Records contained in a dataset:
.....

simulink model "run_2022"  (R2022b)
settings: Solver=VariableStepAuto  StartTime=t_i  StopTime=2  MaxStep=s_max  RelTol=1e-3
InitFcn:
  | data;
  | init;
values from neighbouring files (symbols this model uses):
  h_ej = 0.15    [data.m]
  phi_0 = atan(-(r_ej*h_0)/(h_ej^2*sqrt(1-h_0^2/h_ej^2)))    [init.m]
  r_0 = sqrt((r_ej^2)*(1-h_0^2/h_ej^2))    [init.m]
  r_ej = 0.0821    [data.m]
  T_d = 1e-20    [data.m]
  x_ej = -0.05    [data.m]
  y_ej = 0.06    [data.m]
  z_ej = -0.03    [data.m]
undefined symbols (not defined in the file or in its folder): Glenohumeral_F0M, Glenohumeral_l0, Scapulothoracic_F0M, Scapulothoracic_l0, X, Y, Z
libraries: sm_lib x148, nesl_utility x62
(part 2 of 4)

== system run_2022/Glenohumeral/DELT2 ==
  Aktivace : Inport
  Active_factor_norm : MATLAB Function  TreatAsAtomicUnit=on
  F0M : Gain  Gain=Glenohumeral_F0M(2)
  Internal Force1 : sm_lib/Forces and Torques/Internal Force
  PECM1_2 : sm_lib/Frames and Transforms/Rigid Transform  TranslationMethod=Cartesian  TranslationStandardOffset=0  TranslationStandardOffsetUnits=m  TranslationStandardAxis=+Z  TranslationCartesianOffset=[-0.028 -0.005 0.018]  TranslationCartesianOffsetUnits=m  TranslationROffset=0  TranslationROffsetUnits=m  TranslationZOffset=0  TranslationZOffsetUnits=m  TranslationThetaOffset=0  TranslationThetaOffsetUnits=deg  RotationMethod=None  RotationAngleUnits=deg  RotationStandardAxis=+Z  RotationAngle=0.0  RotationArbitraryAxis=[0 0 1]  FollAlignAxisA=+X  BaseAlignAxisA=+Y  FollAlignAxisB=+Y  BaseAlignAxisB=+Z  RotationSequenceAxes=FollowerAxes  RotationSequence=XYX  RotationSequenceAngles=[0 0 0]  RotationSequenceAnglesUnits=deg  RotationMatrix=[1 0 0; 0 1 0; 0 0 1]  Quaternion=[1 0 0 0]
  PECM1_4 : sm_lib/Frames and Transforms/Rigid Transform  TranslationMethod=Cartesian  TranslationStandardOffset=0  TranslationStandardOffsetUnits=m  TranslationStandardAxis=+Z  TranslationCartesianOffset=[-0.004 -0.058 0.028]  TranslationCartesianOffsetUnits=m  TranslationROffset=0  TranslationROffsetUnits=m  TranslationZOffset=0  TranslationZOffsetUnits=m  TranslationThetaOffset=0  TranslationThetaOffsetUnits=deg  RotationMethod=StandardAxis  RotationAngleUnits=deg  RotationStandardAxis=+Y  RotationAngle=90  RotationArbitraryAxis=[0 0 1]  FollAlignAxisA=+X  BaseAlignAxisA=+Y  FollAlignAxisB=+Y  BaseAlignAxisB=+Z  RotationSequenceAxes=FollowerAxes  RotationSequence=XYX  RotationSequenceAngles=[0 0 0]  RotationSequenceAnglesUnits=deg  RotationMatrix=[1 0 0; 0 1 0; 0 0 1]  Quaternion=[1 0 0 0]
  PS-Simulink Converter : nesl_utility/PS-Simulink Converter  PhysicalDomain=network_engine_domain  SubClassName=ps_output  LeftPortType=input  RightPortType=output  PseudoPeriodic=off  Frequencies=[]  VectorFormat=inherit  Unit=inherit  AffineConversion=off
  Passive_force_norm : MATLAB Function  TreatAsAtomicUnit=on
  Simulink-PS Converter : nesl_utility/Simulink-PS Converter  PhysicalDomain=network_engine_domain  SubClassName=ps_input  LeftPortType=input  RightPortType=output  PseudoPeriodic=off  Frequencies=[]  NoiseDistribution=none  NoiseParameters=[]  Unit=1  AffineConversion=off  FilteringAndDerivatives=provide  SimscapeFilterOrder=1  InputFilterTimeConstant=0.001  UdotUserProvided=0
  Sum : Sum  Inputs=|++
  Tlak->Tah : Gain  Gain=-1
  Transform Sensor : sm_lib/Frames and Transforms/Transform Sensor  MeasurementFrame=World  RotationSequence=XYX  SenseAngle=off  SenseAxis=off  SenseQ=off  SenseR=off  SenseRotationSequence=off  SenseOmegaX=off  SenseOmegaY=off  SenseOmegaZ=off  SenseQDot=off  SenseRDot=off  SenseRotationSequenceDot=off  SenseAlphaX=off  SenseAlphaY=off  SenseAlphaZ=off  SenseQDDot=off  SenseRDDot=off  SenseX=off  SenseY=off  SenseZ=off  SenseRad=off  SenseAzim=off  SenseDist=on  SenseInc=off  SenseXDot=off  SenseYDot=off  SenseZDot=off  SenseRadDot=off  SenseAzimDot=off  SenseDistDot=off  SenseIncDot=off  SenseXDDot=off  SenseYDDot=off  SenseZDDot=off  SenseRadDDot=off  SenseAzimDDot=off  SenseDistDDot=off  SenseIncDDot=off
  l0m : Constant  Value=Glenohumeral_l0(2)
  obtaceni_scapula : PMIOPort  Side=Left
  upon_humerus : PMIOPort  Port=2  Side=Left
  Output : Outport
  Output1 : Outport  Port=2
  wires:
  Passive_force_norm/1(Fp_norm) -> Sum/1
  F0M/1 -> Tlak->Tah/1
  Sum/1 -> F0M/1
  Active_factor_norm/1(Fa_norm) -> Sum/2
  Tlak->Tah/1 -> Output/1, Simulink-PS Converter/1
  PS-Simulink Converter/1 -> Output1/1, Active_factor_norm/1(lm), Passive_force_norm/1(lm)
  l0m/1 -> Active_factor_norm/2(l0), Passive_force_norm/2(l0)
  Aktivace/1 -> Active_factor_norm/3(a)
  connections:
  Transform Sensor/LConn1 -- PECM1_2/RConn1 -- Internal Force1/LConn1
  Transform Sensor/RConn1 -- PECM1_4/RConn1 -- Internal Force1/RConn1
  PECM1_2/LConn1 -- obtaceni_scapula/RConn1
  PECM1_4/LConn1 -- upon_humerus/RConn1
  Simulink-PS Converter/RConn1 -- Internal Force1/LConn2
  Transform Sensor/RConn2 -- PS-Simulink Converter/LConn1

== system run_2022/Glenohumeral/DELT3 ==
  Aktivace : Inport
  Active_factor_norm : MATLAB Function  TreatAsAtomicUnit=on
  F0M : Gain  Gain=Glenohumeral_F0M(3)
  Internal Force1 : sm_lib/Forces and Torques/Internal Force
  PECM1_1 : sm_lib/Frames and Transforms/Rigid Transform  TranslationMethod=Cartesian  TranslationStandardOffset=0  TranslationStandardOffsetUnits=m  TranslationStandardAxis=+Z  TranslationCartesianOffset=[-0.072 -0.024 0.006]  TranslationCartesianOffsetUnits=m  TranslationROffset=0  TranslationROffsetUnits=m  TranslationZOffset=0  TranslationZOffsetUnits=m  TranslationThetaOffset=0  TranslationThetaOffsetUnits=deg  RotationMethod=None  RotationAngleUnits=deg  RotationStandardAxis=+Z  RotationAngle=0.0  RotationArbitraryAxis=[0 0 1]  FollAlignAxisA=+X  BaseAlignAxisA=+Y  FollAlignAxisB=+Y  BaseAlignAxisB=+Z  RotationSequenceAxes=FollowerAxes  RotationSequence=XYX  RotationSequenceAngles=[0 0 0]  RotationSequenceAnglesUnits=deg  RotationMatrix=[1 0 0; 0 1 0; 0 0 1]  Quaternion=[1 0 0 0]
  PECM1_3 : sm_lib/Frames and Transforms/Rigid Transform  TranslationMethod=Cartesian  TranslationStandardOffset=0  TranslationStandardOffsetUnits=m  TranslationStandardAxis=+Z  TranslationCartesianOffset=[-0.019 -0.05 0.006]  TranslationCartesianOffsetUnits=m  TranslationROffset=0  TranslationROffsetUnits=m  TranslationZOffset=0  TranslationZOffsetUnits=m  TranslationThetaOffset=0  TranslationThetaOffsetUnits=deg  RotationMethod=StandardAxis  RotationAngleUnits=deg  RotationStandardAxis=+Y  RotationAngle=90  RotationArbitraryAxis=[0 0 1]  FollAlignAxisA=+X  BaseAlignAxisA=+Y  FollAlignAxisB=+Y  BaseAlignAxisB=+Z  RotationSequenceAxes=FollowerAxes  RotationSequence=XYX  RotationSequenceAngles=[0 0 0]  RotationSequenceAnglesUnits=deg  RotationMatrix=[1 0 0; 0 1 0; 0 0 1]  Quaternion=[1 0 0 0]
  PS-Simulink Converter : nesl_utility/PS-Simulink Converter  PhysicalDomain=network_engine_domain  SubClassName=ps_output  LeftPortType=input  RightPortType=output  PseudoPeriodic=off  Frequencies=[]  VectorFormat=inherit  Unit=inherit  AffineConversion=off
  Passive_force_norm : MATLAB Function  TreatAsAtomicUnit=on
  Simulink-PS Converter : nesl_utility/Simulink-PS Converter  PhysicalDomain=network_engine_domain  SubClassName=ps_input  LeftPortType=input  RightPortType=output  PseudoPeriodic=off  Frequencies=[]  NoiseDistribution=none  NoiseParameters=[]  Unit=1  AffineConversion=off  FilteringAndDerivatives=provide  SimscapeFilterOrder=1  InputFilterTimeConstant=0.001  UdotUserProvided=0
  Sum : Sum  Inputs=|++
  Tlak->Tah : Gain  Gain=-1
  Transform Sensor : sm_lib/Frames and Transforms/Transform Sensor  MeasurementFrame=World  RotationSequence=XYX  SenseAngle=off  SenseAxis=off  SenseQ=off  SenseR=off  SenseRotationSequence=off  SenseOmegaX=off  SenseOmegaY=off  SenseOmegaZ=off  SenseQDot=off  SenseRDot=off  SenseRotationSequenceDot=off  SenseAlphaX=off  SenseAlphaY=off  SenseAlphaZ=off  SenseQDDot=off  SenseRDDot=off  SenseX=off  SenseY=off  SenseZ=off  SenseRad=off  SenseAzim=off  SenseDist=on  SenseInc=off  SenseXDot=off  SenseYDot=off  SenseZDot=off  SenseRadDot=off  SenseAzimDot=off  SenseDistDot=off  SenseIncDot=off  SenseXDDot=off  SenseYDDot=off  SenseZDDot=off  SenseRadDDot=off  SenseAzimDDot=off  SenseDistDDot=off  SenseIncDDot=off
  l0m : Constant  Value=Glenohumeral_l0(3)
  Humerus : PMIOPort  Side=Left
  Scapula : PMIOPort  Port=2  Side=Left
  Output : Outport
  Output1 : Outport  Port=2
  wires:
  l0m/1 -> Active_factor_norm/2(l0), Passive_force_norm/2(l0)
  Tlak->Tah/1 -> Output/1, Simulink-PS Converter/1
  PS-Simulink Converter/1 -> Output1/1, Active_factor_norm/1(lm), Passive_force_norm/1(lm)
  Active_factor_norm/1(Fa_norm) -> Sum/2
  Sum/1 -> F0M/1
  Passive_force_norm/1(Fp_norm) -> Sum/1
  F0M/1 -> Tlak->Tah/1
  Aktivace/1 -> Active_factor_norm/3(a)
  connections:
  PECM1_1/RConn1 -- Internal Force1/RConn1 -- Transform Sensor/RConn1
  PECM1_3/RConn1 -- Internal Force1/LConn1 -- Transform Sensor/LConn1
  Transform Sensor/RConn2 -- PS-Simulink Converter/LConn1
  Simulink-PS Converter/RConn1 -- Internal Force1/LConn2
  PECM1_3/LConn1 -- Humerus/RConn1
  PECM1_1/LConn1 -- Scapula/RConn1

.....

The lines needed run from the first line of the data through the line containing "y_ej = 0.06"; give them again exactly and nothing else.

_SOLVED PROBLEM_.
simulink model "run_2022"  (R2022b)
settings: Solver=VariableStepAuto  StartTime=t_i  StopTime=2  MaxStep=s_max  RelTol=1e-3
InitFcn:
  | data;
  | init;
values from neighbouring files (symbols this model uses):
  h_ej = 0.15    [data.m]
  phi_0 = atan(-(r_ej*h_0)/(h_ej^2*sqrt(1-h_0^2/h_ej^2)))    [init.m]
  r_0 = sqrt((r_ej^2)*(1-h_0^2/h_ej^2))    [init.m]
  r_ej = 0.0821    [data.m]
  T_d = 1e-20    [data.m]
  x_ej = -0.05    [data.m]
  y_ej = 0.06    [data.m]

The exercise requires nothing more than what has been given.